Show that $\int_0^{\pi/3}\arccos(2\sin^2 x-\cos x)\mathrm dx=\frac{\pi^2}{5}$

Question

There is numerical evidence that $I=\int_0^{\pi/3}\arccos(2\sin^2 x-\cos x)\mathrm dx=\frac{\pi^2}{5}$. How can this be proved?

I was trying to answer another question, and I got it down to this integral. I tried integration by parts, substitution and Maclaurin series, but it seems that this integral requires more advanced techniques. Wolfram does not evaluate the indefinite integral.

Here is the graph of $y=\arccos(2\sin^2 x-\cos x)$ for $0\le x\le \frac{\pi}{3}$. It intersects the axes at $(\frac{\pi}{3},0)$ and $(0,\pi)$.

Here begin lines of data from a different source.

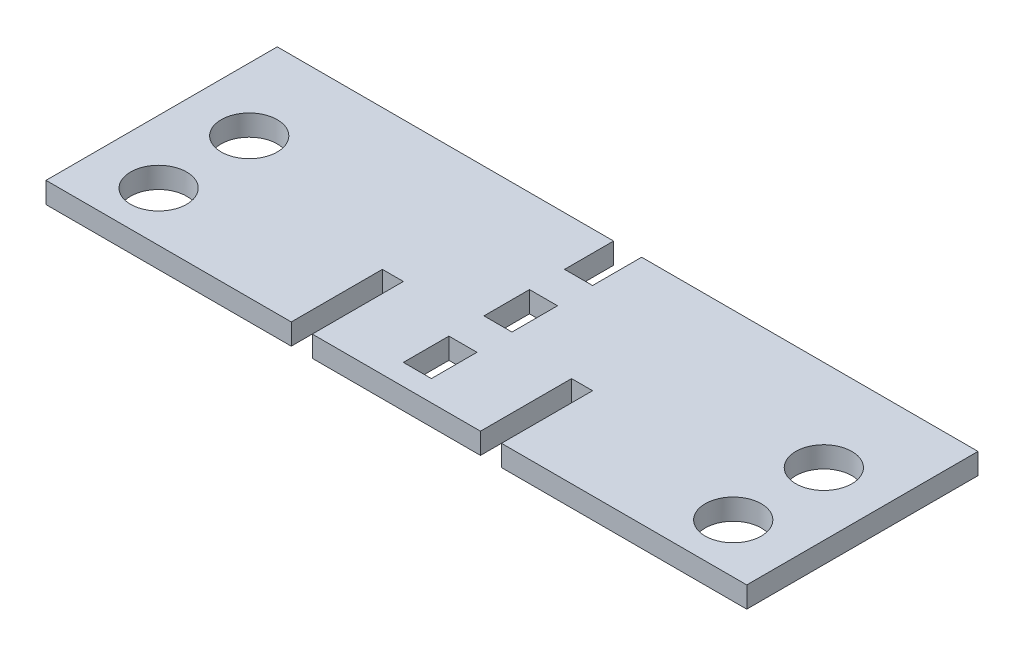
ISO-10303-21;
HEADER;
FILE_DESCRIPTION(('STEP AP214'),'2;1');
FILE_NAME('part.step','',(''),(''),'','','');
FILE_SCHEMA(('AUTOMOTIVE_DESIGN { 1 0 10303 214 1 1 1 1 }'));
ENDSEC;
DATA;
#1=APPLICATION_CONTEXT('core data for automotive mechanical design processes');
#2=APPLICATION_PROTOCOL_DEFINITION('international standard','automotive_design',2000,#1);
#3=PRODUCT_CONTEXT('',#1,'mechanical');
#4=PRODUCT('Part','Part','',(#3));
#5=PRODUCT_RELATED_PRODUCT_CATEGORY('part','',(#4));
#6=PRODUCT_DEFINITION_FORMATION('','',#4);
#7=PRODUCT_DEFINITION_CONTEXT('part definition',#1,'design');
#8=PRODUCT_DEFINITION('design','',#6,#7);
#9=PRODUCT_DEFINITION_SHAPE('','',#8);
#10=(LENGTH_UNIT() NAMED_UNIT(*) SI_UNIT(.MILLI.,.METRE.));
#11=(NAMED_UNIT(*) PLANE_ANGLE_UNIT() SI_UNIT($,.RADIAN.));
#12=(NAMED_UNIT(*) SI_UNIT($,.STERADIAN.) SOLID_ANGLE_UNIT());
#13=UNCERTAINTY_MEASURE_WITH_UNIT(LENGTH_MEASURE(1.E-05),#10,'distance_accuracy_value','');
#14=(GEOMETRIC_REPRESENTATION_CONTEXT(3) GLOBAL_UNCERTAINTY_ASSIGNED_CONTEXT((#13)) GLOBAL_UNIT_ASSIGNED_CONTEXT((#10,
#11,#12)) REPRESENTATION_CONTEXT('',''));
#15=CARTESIAN_POINT('',(0.,0.,0.));
#16=DIRECTION('',(0.,0.,1.));
#17=DIRECTION('',(1.,0.,0.));
#18=AXIS2_PLACEMENT_3D('',#15,#16,#17);
#19=CARTESIAN_POINT('',(-50.,3.,10.));
#20=DIRECTION('',(0.,0.,-1.));
#21=DIRECTION('',(-1.,0.,0.));
#22=AXIS2_PLACEMENT_3D('',#19,#20,#21);
#23=PLANE('',#22);
#24=DIRECTION('',(1.,0.,0.));
#25=VECTOR('',#24,1.);
#26=CARTESIAN_POINT('',(-50.,0.,10.));
#27=LINE('',#26,#25);
#28=CARTESIAN_POINT('',(12.,0.,10.));
#29=VERTEX_POINT('',#28);
#30=CARTESIAN_POINT('',(15.,0.,10.));
#31=VERTEX_POINT('',#30);
#32=EDGE_CURVE('E442',#29,#31,#27,.T.);
#33=ORIENTED_EDGE('',*,*,#32,.T.);
#34=DIRECTION('',(0.,1.,0.));
#35=VECTOR('',#34,1.);
#36=CARTESIAN_POINT('',(15.,-37.3363094051889,10.));
#37=LINE('',#36,#35);
#38=CARTESIAN_POINT('',(15.,3.,10.));
#39=VERTEX_POINT('',#38);
#40=EDGE_CURVE('E279',#31,#39,#37,.T.);
#41=ORIENTED_EDGE('',*,*,#40,.T.);
#42=DIRECTION('',(1.,0.,0.));
#43=VECTOR('',#42,1.);
#44=CARTESIAN_POINT('',(-50.,3.,10.));
#45=LINE('',#44,#43);
#46=CARTESIAN_POINT('',(12.,3.,10.));
#47=VERTEX_POINT('',#46);
#48=EDGE_CURVE('E419',#47,#39,#45,.T.);
#49=ORIENTED_EDGE('',*,*,#48,.F.);
#50=DIRECTION('',(0.,1.,0.));
#51=VECTOR('',#50,1.);
#52=CARTESIAN_POINT('',(12.,-27.2946881279124,10.));
#53=LINE('',#52,#51);
#54=EDGE_CURVE('E346',#29,#47,#53,.T.);
#55=ORIENTED_EDGE('',*,*,#54,.F.);
#56=EDGE_LOOP('',(#33,#41,#49,#55));
#57=FACE_BOUND('',#56,.T.);
#58=ADVANCED_FACE('F39',(#57),#23,.F.);
#59=CARTESIAN_POINT('',(0.,3.,0.));
#60=DIRECTION('',(0.,-1.,0.));
#61=DIRECTION('',(0.,0.,-1.));
#62=AXIS2_PLACEMENT_3D('',#59,#60,#61);
#63=PLANE('',#62);
#64=DIRECTION('',(1.,0.,0.));
#65=VECTOR('',#64,1.);
#66=CARTESIAN_POINT('',(-2.00000000000001,3.,8.50260308963582));
#67=LINE('',#66,#65);
#68=CARTESIAN_POINT('',(-2.00000000000001,3.,8.50260308963582));
#69=VERTEX_POINT('',#68);
#70=CARTESIAN_POINT('',(1.99999999999999,3.,8.50260308963582));
#71=VERTEX_POINT('',#70);
#72=EDGE_CURVE('E218',#69,#71,#67,.T.);
#73=ORIENTED_EDGE('',*,*,#72,.F.);
#74=DIRECTION('',(0.,0.,1.));
#75=VECTOR('',#74,1.);
#76=CARTESIAN_POINT('',(-2.00000000000001,3.,2.00260308963582));
#77=LINE('',#76,#75);
#78=CARTESIAN_POINT('',(-2.00000000000001,3.,2.00260308963582));
#79=VERTEX_POINT('',#78);
#80=EDGE_CURVE('E55',#79,#69,#77,.T.);
#81=ORIENTED_EDGE('',*,*,#80,.F.);
#82=DIRECTION('',(-1.,0.,0.));
#83=VECTOR('',#82,1.);
#84=CARTESIAN_POINT('',(-2.00000000000001,3.,2.00260308963582));
#85=LINE('',#84,#83);
#86=CARTESIAN_POINT('',(1.99999999999999,3.,2.00260308963582));
#87=VERTEX_POINT('',#86);
#88=EDGE_CURVE('E226',#87,#79,#85,.T.);
#89=ORIENTED_EDGE('',*,*,#88,.F.);
#90=DIRECTION('',(0.,0.,-1.));
#91=VECTOR('',#90,1.);
#92=CARTESIAN_POINT('',(1.99999999999999,3.,2.00260308963582));
#93=LINE('',#92,#91);
#94=EDGE_CURVE('E207',#71,#87,#93,.T.);
#95=ORIENTED_EDGE('',*,*,#94,.F.);
#96=EDGE_LOOP('',(#73,#81,#89,#95));
#97=FACE_BOUND('',#96,.T.);
#98=DIRECTION('',(1.,0.,0.));
#99=VECTOR('',#98,1.);
#100=CARTESIAN_POINT('',(-2.00000000000001,3.,20.0026030896358));
#101=LINE('',#100,#99);
#102=CARTESIAN_POINT('',(-2.00000000000001,3.,20.0026030896358));
#103=VERTEX_POINT('',#102);
#104=CARTESIAN_POINT('',(1.99999999999999,3.,20.0026030896358));
#105=VERTEX_POINT('',#104);
#106=EDGE_CURVE('E243',#103,#105,#101,.T.);
#107=ORIENTED_EDGE('',*,*,#106,.F.);
#108=DIRECTION('',(0.,0.,1.));
#109=VECTOR('',#108,1.);
#110=CARTESIAN_POINT('',(-2.00000000000001,3.,13.5026030896358));
#111=LINE('',#110,#109);
#112=CARTESIAN_POINT('',(-2.00000000000001,3.,13.5026030896358));
#113=VERTEX_POINT('',#112);
#114=EDGE_CURVE('E63',#113,#103,#111,.T.);
#115=ORIENTED_EDGE('',*,*,#114,.F.);
#116=DIRECTION('',(-1.,0.,0.));
#117=VECTOR('',#116,1.);
#118=CARTESIAN_POINT('',(-2.00000000000001,3.,13.5026030896358));
#119=LINE('',#118,#117);
#120=CARTESIAN_POINT('',(1.99999999999999,3.,13.5026030896358));
#121=VERTEX_POINT('',#120);
#122=EDGE_CURVE('E251',#121,#113,#119,.T.);
#123=ORIENTED_EDGE('',*,*,#122,.F.);
#124=DIRECTION('',(0.,0.,-1.));
#125=VECTOR('',#124,1.);
#126=CARTESIAN_POINT('',(1.99999999999999,3.,13.5026030896358));
#127=LINE('',#126,#125);
#128=EDGE_CURVE('E247',#105,#121,#127,.T.);
#129=ORIENTED_EDGE('',*,*,#128,.F.);
#130=EDGE_LOOP('',(#107,#115,#123,#129));
#131=FACE_BOUND('',#130,.T.);
#132=CARTESIAN_POINT('',(-41.,3.,15.9275305196327));
#133=DIRECTION('',(0.,1.,0.));
#134=DIRECTION('',(0.,0.,1.));
#135=AXIS2_PLACEMENT_3D('',#132,#133,#134);
#136=CIRCLE('',#135,4.00000000000001);
#137=CARTESIAN_POINT('',(-41.,3.,19.9275305196327));
#138=VERTEX_POINT('',#137);
#139=EDGE_CURVE('E267',#138,#138,#136,.T.);
#140=ORIENTED_EDGE('',*,*,#139,.F.);
#141=EDGE_LOOP('',(#140));
#142=FACE_BOUND('',#141,.T.);
#143=CARTESIAN_POINT('',(41.,3.,15.9275305196327));
#144=DIRECTION('',(0.,1.,0.));
#145=DIRECTION('',(0.,0.,1.));
#146=AXIS2_PLACEMENT_3D('',#143,#144,#145);
#147=CIRCLE('',#146,4.00000000000001);
#148=CARTESIAN_POINT('',(41.,3.,19.9275305196327));
#149=VERTEX_POINT('',#148);
#150=EDGE_CURVE('E236',#149,#149,#147,.T.);
#151=ORIENTED_EDGE('',*,*,#150,.F.);
#152=EDGE_LOOP('',(#151));
#153=FACE_BOUND('',#152,.T.);
#154=DIRECTION('',(0.,0.,1.));
#155=VECTOR('',#154,1.);
#156=CARTESIAN_POINT('',(1.99999999999999,3.,-10.));
#157=LINE('',#156,#155);
#158=CARTESIAN_POINT('',(1.99999999999999,3.,-10.));
#159=VERTEX_POINT('',#158);
#160=CARTESIAN_POINT('',(1.99999999999999,3.,-2.99739691036418));
#161=VERTEX_POINT('',#160);
#162=EDGE_CURVE('E407',#159,#161,#157,.T.);
#163=ORIENTED_EDGE('',*,*,#162,.T.);
#164=DIRECTION('',(1.,0.,0.));
#165=VECTOR('',#164,1.);
#166=CARTESIAN_POINT('',(-2.00000000000001,3.,-2.99739691036418));
#167=LINE('',#166,#165);
#168=CARTESIAN_POINT('',(-2.00000000000001,3.,-2.99739691036418));
#169=VERTEX_POINT('',#168);
#170=EDGE_CURVE('E378',#169,#161,#167,.T.);
#171=ORIENTED_EDGE('',*,*,#170,.F.);
#172=DIRECTION('',(0.,0.,-1.));
#173=VECTOR('',#172,1.);
#174=CARTESIAN_POINT('',(-2.00000000000001,3.,-10.));
#175=LINE('',#174,#173);
#176=CARTESIAN_POINT('',(-2.00000000000001,3.,-10.));
#177=VERTEX_POINT('',#176);
#178=EDGE_CURVE('E410',#169,#177,#175,.T.);
#179=ORIENTED_EDGE('',*,*,#178,.T.);
#180=DIRECTION('',(-1.,0.,0.));
#181=VECTOR('',#180,1.);
#182=CARTESIAN_POINT('',(-50.,3.,-10.));
#183=LINE('',#182,#181);
#184=CARTESIAN_POINT('',(-50.,3.,-10.));
#185=VERTEX_POINT('',#184);
#186=EDGE_CURVE('E413',#177,#185,#183,.T.);
#187=ORIENTED_EDGE('',*,*,#186,.T.);
#188=DIRECTION('',(0.,0.,1.));
#189=VECTOR('',#188,1.);
#190=CARTESIAN_POINT('',(-50.,3.,10.));
#191=LINE('',#190,#189);
#192=CARTESIAN_POINT('',(-50.,3.,23.));
#193=VERTEX_POINT('',#192);
#194=EDGE_CURVE('E416',#185,#193,#191,.T.);
#195=ORIENTED_EDGE('',*,*,#194,.T.);
#196=DIRECTION('',(1.,0.,0.));
#197=VECTOR('',#196,1.);
#198=CARTESIAN_POINT('',(-50.,3.,23.));
#199=LINE('',#198,#197);
#200=CARTESIAN_POINT('',(-15.,3.,23.));
#201=VERTEX_POINT('',#200);
#202=EDGE_CURVE('E298',#193,#201,#199,.T.);
#203=ORIENTED_EDGE('',*,*,#202,.T.);
#204=DIRECTION('',(0.,0.,-1.));
#205=VECTOR('',#204,1.);
#206=CARTESIAN_POINT('',(-15.,3.,10.));
#207=LINE('',#206,#205);
#208=CARTESIAN_POINT('',(-15.,3.,10.));
#209=VERTEX_POINT('',#208);
#210=EDGE_CURVE('E304',#201,#209,#207,.T.);
#211=ORIENTED_EDGE('',*,*,#210,.T.);
#212=CARTESIAN_POINT('',(-12.,3.,10.));
#213=VERTEX_POINT('',#212);
#214=EDGE_CURVE('E420',#209,#213,#45,.T.);
#215=ORIENTED_EDGE('',*,*,#214,.T.);
#216=DIRECTION('',(0.,0.,1.));
#217=VECTOR('',#216,1.);
#218=CARTESIAN_POINT('',(-12.,3.,23.));
#219=LINE('',#218,#217);
#220=CARTESIAN_POINT('',(-12.,3.,23.));
#221=VERTEX_POINT('',#220);
#222=EDGE_CURVE('E336',#213,#221,#219,.T.);
#223=ORIENTED_EDGE('',*,*,#222,.T.);
#224=DIRECTION('',(1.,0.,0.));
#225=VECTOR('',#224,1.);
#226=CARTESIAN_POINT('',(-12.,3.,23.));
#227=LINE('',#226,#225);
#228=CARTESIAN_POINT('',(12.,3.,23.));
#229=VERTEX_POINT('',#228);
#230=EDGE_CURVE('E331',#221,#229,#227,.T.);
#231=ORIENTED_EDGE('',*,*,#230,.T.);
#232=DIRECTION('',(0.,0.,-1.));
#233=VECTOR('',#232,1.);
#234=CARTESIAN_POINT('',(12.,3.,23.));
#235=LINE('',#234,#233);
#236=EDGE_CURVE('E330',#229,#47,#235,.T.);
#237=ORIENTED_EDGE('',*,*,#236,.T.);
#238=ORIENTED_EDGE('',*,*,#48,.T.);
#239=DIRECTION('',(0.,0.,1.));
#240=VECTOR('',#239,1.);
#241=CARTESIAN_POINT('',(15.,3.,10.));
#242=LINE('',#241,#240);
#243=CARTESIAN_POINT('',(15.,3.,23.));
#244=VERTEX_POINT('',#243);
#245=EDGE_CURVE('E280',#39,#244,#242,.T.);
#246=ORIENTED_EDGE('',*,*,#245,.T.);
#247=DIRECTION('',(1.,0.,0.));
#248=VECTOR('',#247,1.);
#249=CARTESIAN_POINT('',(50.,3.,23.));
#250=LINE('',#249,#248);
#251=CARTESIAN_POINT('',(50.,3.,23.));
#252=VERTEX_POINT('',#251);
#253=EDGE_CURVE('E275',#244,#252,#250,.T.);
#254=ORIENTED_EDGE('',*,*,#253,.T.);
#255=DIRECTION('',(0.,0.,-1.));
#256=VECTOR('',#255,1.);
#257=CARTESIAN_POINT('',(50.,3.,10.));
#258=LINE('',#257,#256);
#259=CARTESIAN_POINT('',(50.,3.,-10.));
#260=VERTEX_POINT('',#259);
#261=EDGE_CURVE('E399',#252,#260,#258,.T.);
#262=ORIENTED_EDGE('',*,*,#261,.T.);
#263=DIRECTION('',(-1.,0.,0.));
#264=VECTOR('',#263,1.);
#265=CARTESIAN_POINT('',(1.99999999999999,3.,-10.));
#266=LINE('',#265,#264);
#267=EDGE_CURVE('E403',#260,#159,#266,.T.);
#268=ORIENTED_EDGE('',*,*,#267,.T.);
#269=EDGE_LOOP('',(#163,#171,#179,#187,#195,#203,#211,#215,#223,#231,#237,#238,#246,#254,#262,#268));
#270=FACE_BOUND('',#269,.T.);
#271=CARTESIAN_POINT('',(-41.,3.,3.));
#272=DIRECTION('',(0.,1.,0.));
#273=DIRECTION('',(0.,0.,1.));
#274=AXIS2_PLACEMENT_3D('',#271,#272,#273);
#275=CIRCLE('',#274,4.00000000000001);
#276=CARTESIAN_POINT('',(-41.,3.,7.00000000000001));
#277=VERTEX_POINT('',#276);
#278=EDGE_CURVE('E391',#277,#277,#275,.T.);
#279=ORIENTED_EDGE('',*,*,#278,.F.);
#280=EDGE_LOOP('',(#279));
#281=FACE_BOUND('',#280,.T.);
#282=CARTESIAN_POINT('',(41.,3.,3.));
#283=DIRECTION('',(0.,1.,0.));
#284=DIRECTION('',(0.,0.,-1.));
#285=AXIS2_PLACEMENT_3D('',#282,#283,#284);
#286=CIRCLE('',#285,4.00000000000001);
#287=CARTESIAN_POINT('',(41.,3.,-1.));
#288=VERTEX_POINT('',#287);
#289=EDGE_CURVE('E383',#288,#288,#286,.T.);
#290=ORIENTED_EDGE('',*,*,#289,.F.);
#291=EDGE_LOOP('',(#290));
#292=FACE_BOUND('',#291,.T.);
#293=ADVANCED_FACE('F223',(#97,#131,#142,#153,#270,#281,#292),#63,.F.);
#294=CARTESIAN_POINT('',(0.,0.,0.));
#295=DIRECTION('',(0.,-1.,0.));
#296=DIRECTION('',(0.,0.,-1.));
#297=AXIS2_PLACEMENT_3D('',#294,#295,#296);
#298=PLANE('',#297);
#299=DIRECTION('',(0.,0.,-1.));
#300=VECTOR('',#299,1.);
#301=CARTESIAN_POINT('',(-2.00000000000001,0.,0.));
#302=LINE('',#301,#300);
#303=CARTESIAN_POINT('',(-2.00000000000001,0.,8.50260308963582));
#304=VERTEX_POINT('',#303);
#305=CARTESIAN_POINT('',(-2.00000000000001,0.,2.00260308963582));
#306=VERTEX_POINT('',#305);
#307=EDGE_CURVE('E11',#304,#306,#302,.T.);
#308=ORIENTED_EDGE('',*,*,#307,.F.);
#309=DIRECTION('',(-1.,0.,0.));
#310=VECTOR('',#309,1.);
#311=CARTESIAN_POINT('',(0.,0.,8.50260308963582));
#312=LINE('',#311,#310);
#313=CARTESIAN_POINT('',(1.99999999999999,0.,8.50260308963582));
#314=VERTEX_POINT('',#313);
#315=EDGE_CURVE('E479',#314,#304,#312,.T.);
#316=ORIENTED_EDGE('',*,*,#315,.F.);
#317=DIRECTION('',(0.,0.,1.));
#318=VECTOR('',#317,1.);
#319=CARTESIAN_POINT('',(1.99999999999999,0.,0.));
#320=LINE('',#319,#318);
#321=CARTESIAN_POINT('',(1.99999999999999,0.,2.00260308963582));
#322=VERTEX_POINT('',#321);
#323=EDGE_CURVE('E210',#322,#314,#320,.T.);
#324=ORIENTED_EDGE('',*,*,#323,.F.);
#325=DIRECTION('',(1.,0.,0.));
#326=VECTOR('',#325,1.);
#327=CARTESIAN_POINT('',(0.,0.,2.00260308963582));
#328=LINE('',#327,#326);
#329=EDGE_CURVE('E48',#306,#322,#328,.T.);
#330=ORIENTED_EDGE('',*,*,#329,.F.);
#331=EDGE_LOOP('',(#308,#316,#324,#330));
#332=FACE_BOUND('',#331,.T.);
#333=DIRECTION('',(0.,0.,-1.));
#334=VECTOR('',#333,1.);
#335=CARTESIAN_POINT('',(-2.00000000000001,0.,0.));
#336=LINE('',#335,#334);
#337=CARTESIAN_POINT('',(-2.00000000000001,0.,20.0026030896358));
#338=VERTEX_POINT('',#337);
#339=CARTESIAN_POINT('',(-2.00000000000001,0.,13.5026030896358));
#340=VERTEX_POINT('',#339);
#341=EDGE_CURVE('E476',#338,#340,#336,.T.);
#342=ORIENTED_EDGE('',*,*,#341,.F.);
#343=DIRECTION('',(-1.,0.,0.));
#344=VECTOR('',#343,1.);
#345=CARTESIAN_POINT('',(0.,0.,20.0026030896358));
#346=LINE('',#345,#344);
#347=CARTESIAN_POINT('',(1.99999999999999,0.,20.0026030896358));
#348=VERTEX_POINT('',#347);
#349=EDGE_CURVE('E460',#348,#338,#346,.T.);
#350=ORIENTED_EDGE('',*,*,#349,.F.);
#351=DIRECTION('',(0.,0.,1.));
#352=VECTOR('',#351,1.);
#353=CARTESIAN_POINT('',(1.99999999999999,0.,0.));
#354=LINE('',#353,#352);
#355=CARTESIAN_POINT('',(1.99999999999999,0.,13.5026030896358));
#356=VERTEX_POINT('',#355);
#357=EDGE_CURVE('E469',#356,#348,#354,.T.);
#358=ORIENTED_EDGE('',*,*,#357,.F.);
#359=DIRECTION('',(1.,0.,0.));
#360=VECTOR('',#359,1.);
#361=CARTESIAN_POINT('',(0.,0.,13.5026030896358));
#362=LINE('',#361,#360);
#363=EDGE_CURVE('E473',#340,#356,#362,.T.);
#364=ORIENTED_EDGE('',*,*,#363,.F.);
#365=EDGE_LOOP('',(#342,#350,#358,#364));
#366=FACE_BOUND('',#365,.T.);
#367=CARTESIAN_POINT('',(-41.,0.,15.9275305196327));
#368=DIRECTION('',(0.,-1.,0.));
#369=DIRECTION('',(0.,0.,-1.));
#370=AXIS2_PLACEMENT_3D('',#367,#368,#369);
#371=CIRCLE('',#370,4.00000000000001);
#372=CARTESIAN_POINT('',(-41.,0.,11.9275305196327));
#373=VERTEX_POINT('',#372);
#374=EDGE_CURVE('E284',#373,#373,#371,.T.);
#375=ORIENTED_EDGE('',*,*,#374,.F.);
#376=EDGE_LOOP('',(#375));
#377=FACE_BOUND('',#376,.T.);
#378=CARTESIAN_POINT('',(41.,0.,15.9275305196327));
#379=DIRECTION('',(0.,-1.,0.));
#380=DIRECTION('',(0.,0.,-1.));
#381=AXIS2_PLACEMENT_3D('',#378,#379,#380);
#382=CIRCLE('',#381,4.00000000000001);
#383=CARTESIAN_POINT('',(41.,0.,11.9275305196327));
#384=VERTEX_POINT('',#383);
#385=EDGE_CURVE('E271',#384,#384,#382,.T.);
#386=ORIENTED_EDGE('',*,*,#385,.F.);
#387=EDGE_LOOP('',(#386));
#388=FACE_BOUND('',#387,.T.);
#389=DIRECTION('',(-1.,0.,0.));
#390=VECTOR('',#389,1.);
#391=CARTESIAN_POINT('',(1.99999999999999,0.,-2.99739691036418));
#392=LINE('',#391,#390);
#393=CARTESIAN_POINT('',(1.99999999999999,0.,-2.99739691036418));
#394=VERTEX_POINT('',#393);
#395=CARTESIAN_POINT('',(-2.00000000000001,0.,-2.99739691036418));
#396=VERTEX_POINT('',#395);
#397=EDGE_CURVE('E370',#394,#396,#392,.T.);
#398=ORIENTED_EDGE('',*,*,#397,.F.);
#399=DIRECTION('',(0.,0.,1.));
#400=VECTOR('',#399,1.);
#401=CARTESIAN_POINT('',(1.99999999999999,0.,-10.));
#402=LINE('',#401,#400);
#403=CARTESIAN_POINT('',(1.99999999999999,0.,-10.));
#404=VERTEX_POINT('',#403);
#405=EDGE_CURVE('E430',#404,#394,#402,.T.);
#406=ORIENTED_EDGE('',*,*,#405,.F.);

Not sure if this helps, but apparently we also have $\int_0^{\pi/3}\arccos^{\color{red}{2}}(2\sin^2 x-\cos x)\mathrm dx=\frac{19\pi^3}{135}$.

Answer 1

$$\int_0^\frac{\pi}{3}\arccos(2\sin^2 x-\cos x)dx\overset{\large \tan\frac{x}{2}\to x}=2\int_0^\frac{1}{\sqrt 3}\frac{\arccos\left(\frac{-1+8x^2+x^4}{(1+x^2)^2}\right)}{1+x^2}dx$$

$$=4\int_0^\frac{1}{\sqrt 3} \frac{\arctan\left(\frac{1}{x}\sqrt{\frac{1-3x^2}{5+x^2}}\right)}{1+x^2}dx\overset{\large \frac{1}{x}\to\sqrt x}=2\int_3^\infty \frac{\arctan \left(\sqrt x\sqrt{\frac{x-3}{5x+1}}\right)}{\sqrt{x}(1+x)}dx$$

$$\overset{\large \frac{x-3}{5x+1}\to x}=8\int_0^\frac{1}{5} \frac{1}{(1-x)(1-5x)} \frac{\arctan\left(\sqrt x \sqrt{\frac{3+x}{1-5x}}\right)}{\sqrt{\frac{3+x}{1-5x}}} dx$$

$$=8\int_0^\frac{1}{5} \frac{1}{(1-x)(1-5x)} \left(\int_0^{\sqrt x} \frac{1}{1+\frac{3+x}{1-5x}y^2}dy\right)dx$$

$$=8\int_0^\frac{1}{\sqrt 5}\int_{y^2}^\frac{1}{5} \frac{1}{1-x} \frac{1}{(1+3y^2)-(5-y^2)x}dxdy=2\int_0^\frac{1}{\sqrt 5} \frac{\ln\left(\frac{1-y^2}{4y^2}\right)}{1-y^2}dy$$

$$\overset{y\to\frac{1-y}{1+y}}=\int_{\large\frac{1}{\phi^2}}^1 \frac{\ln\left(\large \frac{y}{(1-y)^2}\right)}{y}dy=2 \operatorname{Li}_2(1)-2\operatorname{Li}_2\left(\frac{1}{\phi^2}\right)-2\ln^2\phi=\boxed{\frac{\pi^2}{5}}$$

---

$$\operatorname{Li}_2(1)=\frac{\pi^2}{6},\quad \operatorname{Li}_2\left(\frac{1}{\phi^2}\right) = \frac{\pi^2}{15}-\ln^2\phi,\quad \phi=\frac{1+\sqrt 5}{2}$$

Answer 2

Too long for a comment. This is only a partial answer, but I believe it may help in some manner.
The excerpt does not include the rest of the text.